DATASET CONTENT.
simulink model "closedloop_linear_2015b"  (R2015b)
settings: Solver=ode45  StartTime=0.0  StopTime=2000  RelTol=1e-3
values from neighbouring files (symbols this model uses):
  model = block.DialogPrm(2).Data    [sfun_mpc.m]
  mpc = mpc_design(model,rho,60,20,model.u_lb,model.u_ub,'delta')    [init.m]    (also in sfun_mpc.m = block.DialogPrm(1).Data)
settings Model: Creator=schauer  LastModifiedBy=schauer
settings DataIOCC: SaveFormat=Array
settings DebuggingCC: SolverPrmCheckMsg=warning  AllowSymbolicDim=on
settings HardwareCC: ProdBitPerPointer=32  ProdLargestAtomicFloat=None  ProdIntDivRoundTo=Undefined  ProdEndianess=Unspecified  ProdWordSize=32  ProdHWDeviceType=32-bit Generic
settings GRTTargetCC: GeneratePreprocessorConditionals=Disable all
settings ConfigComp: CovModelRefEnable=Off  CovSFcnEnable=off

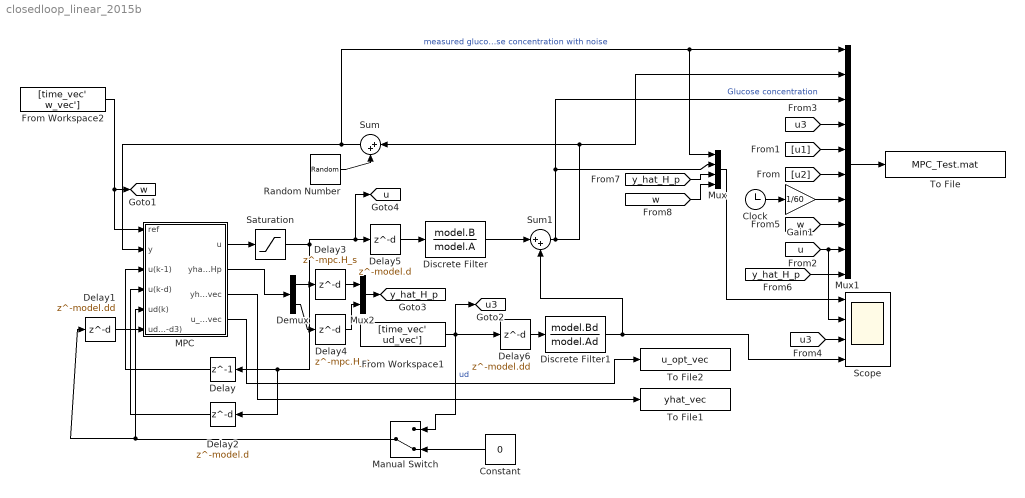
== system closedloop_linear_2015b ==
  Clock : Clock
  Constant : Constant  Value=0
  Delay : Delay  DelayLength=1  InitialCondition=0  SampleTime=model.Ts
  Delay1 : Delay  DelayLength=model.dd  InitialCondition=0  SampleTime=model.Ts
  Delay2 : Delay  DelayLength=model.d  InitialCondition=0  SampleTime=model.Ts
  Delay3 : Delay  DelayLength=mpc.H_s  InitialCondition=0  SampleTime=model.Ts
  Delay4 : Delay  DelayLength=mpc.H_p  InitialCondition=0  SampleTime=model.Ts
  Delay5 : Delay  DelayLength=model.d  InitialCondition=0  SampleTime=model.Ts
  Delay6 : Delay  DelayLength=model.dd  InitialCondition=0  SampleTime=model.Ts
  Demux : Demux  Outputs=2
  Discrete Filter : DiscreteFilter  Numerator=model.B  Denominator=model.A  InitialStates=[0 0]  InitialDenominatorStates=[60 60 60 60]  FilterStructure=Direct form I
  Discrete Filter1 : DiscreteFilter  Numerator=model.Bd  Denominator=model.Ad
  From Workspace1 : FromWorkspace  VariableName=[time_vec' ud_vec']  SampleTime=0  Interpolate=off  OutputAfterFinalValue=Setting to zero
  From Workspace2 : FromWorkspace  VariableName=[time_vec' w_vec']  SampleTime=0  Interpolate=off  OutputAfterFinalValue=Setting to zero
  Gain1 : Gain  Gain=1/60  SampleTime=model.Ts
  MPC : Subsystem
  Manual Switch : ManualSwitch  CurrentSetting=0
  Mux : Mux
  Mux1 : Mux  Inputs=10
  Mux2 : Mux  Inputs=2
  Random Number : RandomNumber  Variance=10  SampleTime=model.Ts
  Saturation : Saturate  UpperLimit=800  LowerLimit=-1000
  Scope : Scope  NumInputPorts=4
  Sum : Sum  Inputs=|++
  Sum1 : Sum  Inputs=|++
  To File : ToFile  Filename=MPC_Test.mat  MatrixName=MPC_data  SampleTime=model.Ts
  To File1 : ToFile  Filename=yhat_vec  MatrixName=yhat_vec  SampleTime=model.Ts
  To File2 : ToFile  Filename=u_opt_vec  MatrixName=u_opt_vec  SampleTime=model.Ts
  tag scope: u3=global, u=global, w=global, y_hat_H_p=global
  wires:
  From Workspace1/1 -> Manual Switch/1, [u3], Delay6/1  "ud"
  Manual Switch/1 -> MPC/5(ud(k)), Delay1/1
  MPC/1(u) -> Saturation/1
  From Workspace2/1 -> MPC/1(ref), [w]
  Delay1/1 -> MPC/6(ud(k-d3))
  Sum1/1 -> Mux1/2, Sum/1, Mux1/3, Mux/2  "Glucose concentration"
  Delay/1 -> MPC/3(u(k-1))
  Delay2/1 -> MPC/4(u(k-d))
  Random Number/1 -> Sum/2
  Sum/1 -> MPC/2(y), Mux/1, Mux1/1  "measured glucose concentration with noise"
  Mux/1 -> Scope/1
  Mux1/1 -> To File/1
  [u1] -> Mux1/5
  [u2] -> Mux1/6
  Clock/1 -> Gain1/1
  Gain1/1 -> Mux1/7
  MPC/2("yhat_Hp ") -> Demux/1
  [u] -> Scope/2, Mux1/9
  [u3] -> Mux1/4
  [u3] -> Scope/3
  [w] -> Mux1/8
  [y_hat_H_p] -> Mux1/10
  Mux2/1 -> [y_hat_H_p]
  Constant/1 -> Manual Switch/2
  Demux/1 -> Delay3/1
  Delay3/1 -> Mux2/1
  Demux/2 -> Delay4/1
  Delay4/1 -> Mux2/2
  Discrete Filter1/1 -> Sum1/2, Scope/4
  Discrete Filter/1 -> Sum1/1
  Delay6/1 -> Discrete Filter1/1
  Delay5/1 -> Discrete Filter/1
  MPC/3("yhat_vec ") -> To File1/1
  MPC/4(u_opt_vec) -> To File2/1
  Saturation/1 -> [u], Delay5/1, Delay2/1, Delay/1
  [w] -> Mux/4
  [y_hat_H_p] -> Mux/3

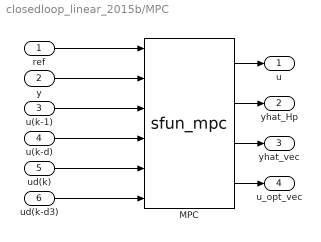
== system closedloop_linear_2015b/MPC ==
  ref : Inport
  y : Inport  Port=2
  u(k-1) : Inport  Port=3
  u(k-d) : Inport  Port=4
  ud(k) : Inport  Port=5
  ud(k-d3) : Inport  Port=6
  MPC : M-S-Function  FunctionName=sfun_mpc  Parameters=mpc,model
  u : Outport
  "yhat_Hp " : Outport  Port=2
  "yhat_vec " : Outport  Port=3
  u_opt_vec : Outport  Port=4
  wires:
  MPC/1 -> u/1
  ref/1 -> MPC/1
  y/1 -> MPC/2
  u(k-1)/1 -> MPC/3
  u(k-d)/1 -> MPC/4
  ud(k)/1 -> MPC/5
  ud(k-d3)/1 -> MPC/6
  MPC/2 -> "yhat_Hp "/1
  MPC/3 -> "yhat_vec "/1
  MPC/4 -> u_opt_vec/1

PROMPT. Check each line of the records for the word "Random", and show the lines that contain it.

ANSWER BELOW.
  Random Number : RandomNumber  Variance=10  SampleTime=model.Ts
  Random Number/1 -> Sum/2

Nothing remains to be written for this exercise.